Påskebryg (lit. 'Easter Brew'), is a strong pilsener with 5.6% ABV. It is the Albani Breweries' traditional beer for the Easter season. Easter beers were the first seasonal beers in Denmark, and were introduced by Carlsberg in 1905. Albani's Påskebryg was introduced in the 1950s and is brewed from a mixture of dark and light malt.

Albani also produces two light beers, Odense Light (2.6% ABV) and Odense Extra Light (0.05% ABV), as light alternatives to its original pilsener. These beers are brewed using light pilsener malt, Münchner malt, and caramel malt.

==Mergers and acquisitions==
At the turn of the twentieth century there was a large consolidation in the Danish brewing industry, where the larger city breweries typically bought the smaller countryside breweries. Albani was part of this development, buying smaller breweries in Odense and around the island of Funen. Later, when Albani had a near monopoly on beer distribution on Funen, Albani started acquiring breweries in other parts of the country; Sønderborg Bryghus, Bryggeriet Slotsmøllen, Baldur, and Maribo Bryghus, in each case, Albani taking control of the other company. Albani Breweries A/S merged with the Royal Unibrew group in 2000.

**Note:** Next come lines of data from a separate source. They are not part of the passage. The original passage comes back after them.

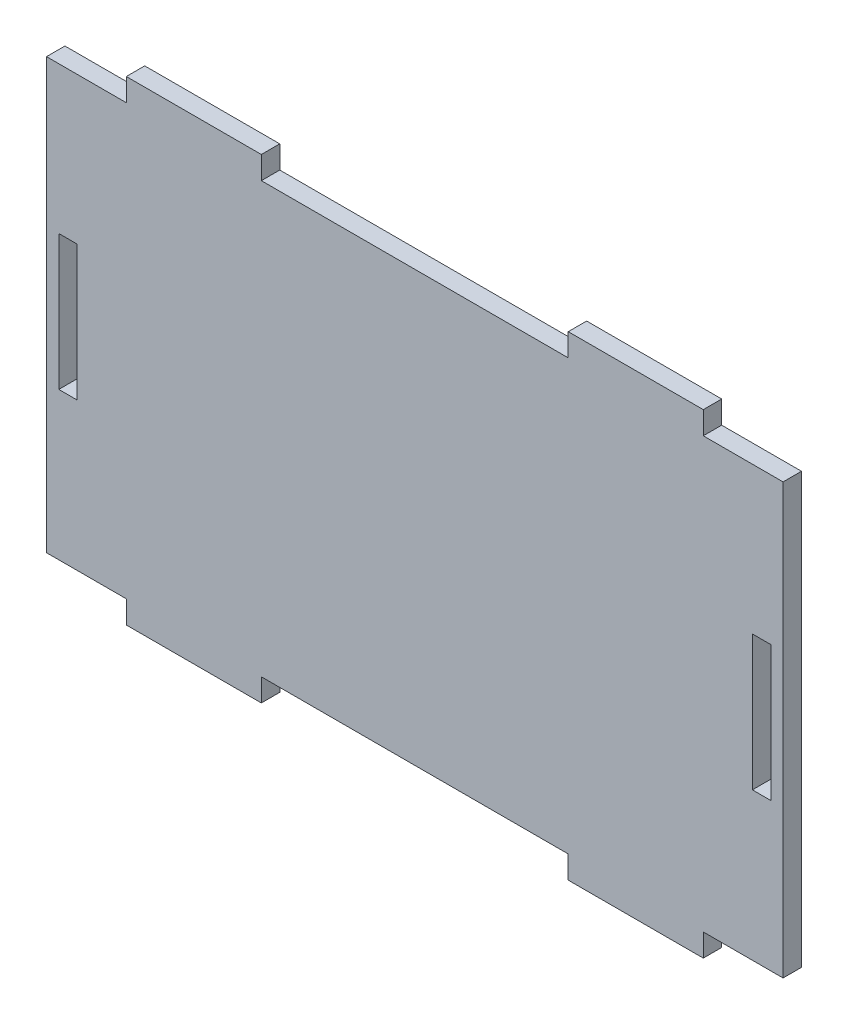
ISO-10303-21;
HEADER;
FILE_DESCRIPTION(('STEP AP214'),'2;1');
FILE_NAME('part.step','',(''),(''),'','','');
FILE_SCHEMA(('AUTOMOTIVE_DESIGN { 1 0 10303 214 1 1 1 1 }'));
ENDSEC;
DATA;
#1=APPLICATION_CONTEXT('core data for automotive mechanical design processes');
#2=APPLICATION_PROTOCOL_DEFINITION('international standard','automotive_design',2000,#1);
#3=PRODUCT_CONTEXT('',#1,'mechanical');
#4=PRODUCT('Part','Part','',(#3));
#5=PRODUCT_RELATED_PRODUCT_CATEGORY('part','',(#4));
#6=PRODUCT_DEFINITION_FORMATION('','',#4);
#7=PRODUCT_DEFINITION_CONTEXT('part definition',#1,'design');
#8=PRODUCT_DEFINITION('design','',#6,#7);
#9=PRODUCT_DEFINITION_SHAPE('','',#8);
#10=(LENGTH_UNIT() NAMED_UNIT(*) SI_UNIT(.MILLI.,.METRE.));
#11=(NAMED_UNIT(*) PLANE_ANGLE_UNIT() SI_UNIT($,.RADIAN.));
#12=(NAMED_UNIT(*) SI_UNIT($,.STERADIAN.) SOLID_ANGLE_UNIT());
#13=UNCERTAINTY_MEASURE_WITH_UNIT(LENGTH_MEASURE(1.E-05),#10,'distance_accuracy_value','');
#14=(GEOMETRIC_REPRESENTATION_CONTEXT(3) GLOBAL_UNCERTAINTY_ASSIGNED_CONTEXT((#13)) GLOBAL_UNIT_ASSIGNED_CONTEXT((#10,
#11,#12)) REPRESENTATION_CONTEXT('',''));
#15=CARTESIAN_POINT('',(0.,0.,0.));
#16=DIRECTION('',(0.,0.,1.));
#17=DIRECTION('',(1.,0.,0.));
#18=AXIS2_PLACEMENT_3D('',#15,#16,#17);
#19=CARTESIAN_POINT('',(118.,0.,3.));
#20=DIRECTION('',(1.,0.,0.));
#21=DIRECTION('',(0.,1.,0.));
#22=AXIS2_PLACEMENT_3D('',#19,#20,#21);
#23=PLANE('',#22);
#24=DIRECTION('',(0.,-1.,0.));
#25=VECTOR('',#24,1.);
#26=CARTESIAN_POINT('',(118.,0.,0.));
#27=LINE('',#26,#25);
#28=CARTESIAN_POINT('',(118.,46.0461461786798,0.));
#29=VERTEX_POINT('',#28);
#30=CARTESIAN_POINT('',(118.,24.0461461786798,0.));
#31=VERTEX_POINT('',#30);
#32=EDGE_CURVE('E318',#29,#31,#27,.T.);
#33=ORIENTED_EDGE('',*,*,#32,.T.);
#34=DIRECTION('',(0.,0.,-1.));
#35=VECTOR('',#34,1.);
#36=CARTESIAN_POINT('',(118.,24.0461461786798,3.));
#37=LINE('',#36,#35);
#38=CARTESIAN_POINT('',(118.,24.0461461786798,3.));
#39=VERTEX_POINT('',#38);
#40=EDGE_CURVE('E11',#39,#31,#37,.T.);
#41=ORIENTED_EDGE('',*,*,#40,.F.);
#42=DIRECTION('',(0.,-1.,0.));
#43=VECTOR('',#42,1.);
#44=CARTESIAN_POINT('',(118.,0.,3.));
#45=LINE('',#44,#43);
#46=CARTESIAN_POINT('',(118.,46.0461461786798,3.));
#47=VERTEX_POINT('',#46);
#48=EDGE_CURVE('E234',#47,#39,#45,.T.);
#49=ORIENTED_EDGE('',*,*,#48,.F.);
#50=DIRECTION('',(0.,0.,-1.));
#51=VECTOR('',#50,1.);
#52=CARTESIAN_POINT('',(118.,46.0461461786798,3.));
#53=LINE('',#52,#51);
#54=EDGE_CURVE('E54',#47,#29,#53,.T.);
#55=ORIENTED_EDGE('',*,*,#54,.T.);
#56=EDGE_LOOP('',(#33,#41,#49,#55));
#57=FACE_BOUND('',#56,.T.);
#58=ADVANCED_FACE('F35',(#57),#23,.F.);
#59=CARTESIAN_POINT('',(0.,24.0461461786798,3.));
#60=DIRECTION('',(0.,-1.,0.));
#61=DIRECTION('',(0.,0.,-1.));
#62=AXIS2_PLACEMENT_3D('',#59,#60,#61);
#63=PLANE('',#62);
#64=DIRECTION('',(-1.,0.,0.));
#65=VECTOR('',#64,1.);
#66=CARTESIAN_POINT('',(0.,24.0461461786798,0.));
#67=LINE('',#66,#65);
#68=CARTESIAN_POINT('',(115.,24.0461461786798,0.));
#69=VERTEX_POINT('',#68);
#70=EDGE_CURVE('E240',#31,#69,#67,.T.);
#71=ORIENTED_EDGE('',*,*,#70,.T.);
#72=DIRECTION('',(0.,0.,-1.));
#73=VECTOR('',#72,1.);
#74=CARTESIAN_POINT('',(115.,24.0461461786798,3.));
#75=LINE('',#74,#73);
#76=CARTESIAN_POINT('',(115.,24.0461461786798,3.));
#77=VERTEX_POINT('',#76);
#78=EDGE_CURVE('E45',#77,#69,#75,.T.);
#79=ORIENTED_EDGE('',*,*,#78,.F.);
#80=DIRECTION('',(-1.,0.,0.));
#81=VECTOR('',#80,1.);
#82=CARTESIAN_POINT('',(0.,24.0461461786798,3.));
#83=LINE('',#82,#81);
#84=EDGE_CURVE('E228',#39,#77,#83,.T.);
#85=ORIENTED_EDGE('',*,*,#84,.F.);
#86=ORIENTED_EDGE('',*,*,#40,.T.);
#87=EDGE_LOOP('',(#71,#79,#85,#86));
#88=FACE_BOUND('',#87,.T.);
#89=ADVANCED_FACE('F239',(#88),#63,.F.);
#90=CARTESIAN_POINT('',(115.,0.,3.));
#91=DIRECTION('',(1.,0.,0.));
#92=DIRECTION('',(0.,1.,0.));
#93=AXIS2_PLACEMENT_3D('',#90,#91,#92);
#94=PLANE('',#93);
#95=DIRECTION('',(0.,-1.,0.));
#96=VECTOR('',#95,1.);
#97=CARTESIAN_POINT('',(115.,0.,0.));
#98=LINE('',#97,#96);
#99=CARTESIAN_POINT('',(115.,46.0461461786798,0.));
#100=VERTEX_POINT('',#99);
#101=EDGE_CURVE('E321',#100,#69,#98,.T.);
#102=ORIENTED_EDGE('',*,*,#101,.F.);
#103=DIRECTION('',(0.,0.,-1.));
#104=VECTOR('',#103,1.);
#105=CARTESIAN_POINT('',(115.,46.0461461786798,3.));
#106=LINE('',#105,#104);
#107=CARTESIAN_POINT('',(115.,46.0461461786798,3.));
#108=VERTEX_POINT('',#107);
#109=EDGE_CURVE('E140',#108,#100,#106,.T.);
#110=ORIENTED_EDGE('',*,*,#109,.F.);
#111=DIRECTION('',(0.,-1.,0.));
#112=VECTOR('',#111,1.);
#113=CARTESIAN_POINT('',(115.,0.,3.));
#114=LINE('',#113,#112);
#115=EDGE_CURVE('E233',#108,#77,#114,.T.);
#116=ORIENTED_EDGE('',*,*,#115,.T.);
#117=ORIENTED_EDGE('',*,*,#78,.T.);
#118=EDGE_LOOP('',(#102,#110,#116,#117));
#119=FACE_BOUND('',#118,.T.);
#120=ADVANCED_FACE('F244',(#119),#94,.T.);
#121=CARTESIAN_POINT('',(0.,46.0461461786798,3.));
#122=DIRECTION('',(0.,1.,0.));
#123=DIRECTION('',(0.,0.,1.));
#124=AXIS2_PLACEMENT_3D('',#121,#122,#123);
#125=PLANE('',#124);
#126=DIRECTION('',(1.,0.,0.));
#127=VECTOR('',#126,1.);
#128=CARTESIAN_POINT('',(0.,46.0461461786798,0.));
#129=LINE('',#128,#127);
#130=CARTESIAN_POINT('',(2.,46.0461461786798,0.));
#131=VERTEX_POINT('',#130);
#132=CARTESIAN_POINT('',(5.,46.0461461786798,0.));
#133=VERTEX_POINT('',#132);
#134=EDGE_CURVE('E306',#131,#133,#129,.T.);
#135=ORIENTED_EDGE('',*,*,#134,.T.);
#136=DIRECTION('',(0.,0.,-1.));
#137=VECTOR('',#136,1.);
#138=CARTESIAN_POINT('',(5.,46.0461461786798,3.));
#139=LINE('',#138,#137);
#140=CARTESIAN_POINT('',(5.,46.0461461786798,3.));
#141=VERTEX_POINT('',#140);
#142=EDGE_CURVE('E328',#141,#133,#139,.T.);
#143=ORIENTED_EDGE('',*,*,#142,.F.);
#144=DIRECTION('',(1.,0.,0.));
#145=VECTOR('',#144,1.);
#146=CARTESIAN_POINT('',(0.,46.0461461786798,3.));
#147=LINE('',#146,#145);
#148=CARTESIAN_POINT('',(2.,46.0461461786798,3.));
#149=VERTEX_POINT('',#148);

| Year | Brewery (Danish) | Brewery (English) | |
| 1905 | Slotsbryggeriet i Odense | Odense Palace Brewery | Merger (name still registered) |
| 1913 | Bryggeriet Sydfyn, Faaborg | South Funen Brewery, Faaborg | Acquisition (name still registered) - later merge |
| 1923 | Bogense Bryggeri | Bogense Brewery | Acquisition (name still registered) - later merge |
| 1934 | Bryggeriet Odense | Odense Brewery | Merger (name still registered) |
| 1956 | Sønderborg Bryghus | Sønderborg Brew House | Acquisition (name vanished) |
| 1968 | Svendborg Bryghus | Svendborg Brew House | Acquisition (name still registered) - later merge |
| 1972 | Bryggeriet Carlsminde | Carlsminde Brewery | Acquisition (name still registered) - later merge |
| 1986 | Bryggeriet Slotsmøllen, Kolding | Castle Mill Brewery, Kolding | Acquisition (name still registered) |
| 1996 | Baldur Mineralsvandsfabrik | Baldur Mineral Water Plant | Acquisition (name still registered) - Sold 2000 |
| 1997 | Maribo Bryghus | Maribo Brew House | Acquisition |
| 2000 | Bryggerigruppen | Royal Unibrew | Merger |

Other names used by the group are:

| Brewery (Original Name) | Brewery (English Translation) | Comment |
| Albani Bryggerierne (Albani Bryggeri, Bryggeriet Odense og Slotsbryggeriet) | Albani Breweries (Albani Brewery, Brewery Odense, and Slotsbryggeriet) | Formal company name from 1934 to 2001 |
| Danish Beer Exporters | Danish Beer Exporters Acquisition | Only a registered name |
| Sønderborg Mineralvandsfabrik | Sønderborg Mineral Water Plant | Only a registered name |
| St. Hans Bryggeri, De Forenede Mineralvandsfabrikker | St. Hans Brewery, United Mineral Water Plants | Only a registered name |
| "St. Alban", "St. Knud", "St. Hanskilde", "Karolinekilde", "Thor" og "Odense Mineralvandsfabrik" i Odense | "St. Alban", "St. Knud", "St. Hanskilde", "Karolinekilde", "Thor" and "Odense Mineral Water Plant" in Odense | Only a registered name |
| Dansk Guldbockbryggeri | Danish Gold Bock Brewery | Only a registered name |
| Dansk Påskebockbryggeri | Danish Easter Bock Brewery | Only a registered name |
| Dansk Majbockbryggeri | Danish May Bock Brewery | Only a registered name |
| Dansk Julebockbryggeri | Danish Christmas Bock Brewery | Only a registered name |
| Mosteriet Abild, Haastrup | The Cider Mill Abild, Haastrup | Only a registered name |
| Giraf Bryggeriet | Giraf Brewery | National brand name |
| Giraf Breweries | Giraf Breweries | International brand name (Giraf Bryggerierne in English) |
| Albani Breweries | Albani Breweries | International brand name (Albani Bryggerierne in English) |

==Hans Christian Andersen==
Denmark's best known poet and author, Hans Christian Andersen, was very fond of Albani beers. In a letter to a friend he described Albani beer as: Jeg kan ikke rose denne øl højt nok. Den er forfriskende, delikat og stærk. Prøv den! ("I cannot recommend this beer enough. It is refreshing, savoury and strong. Try it!") This quote is occasionally used in the company's marketing.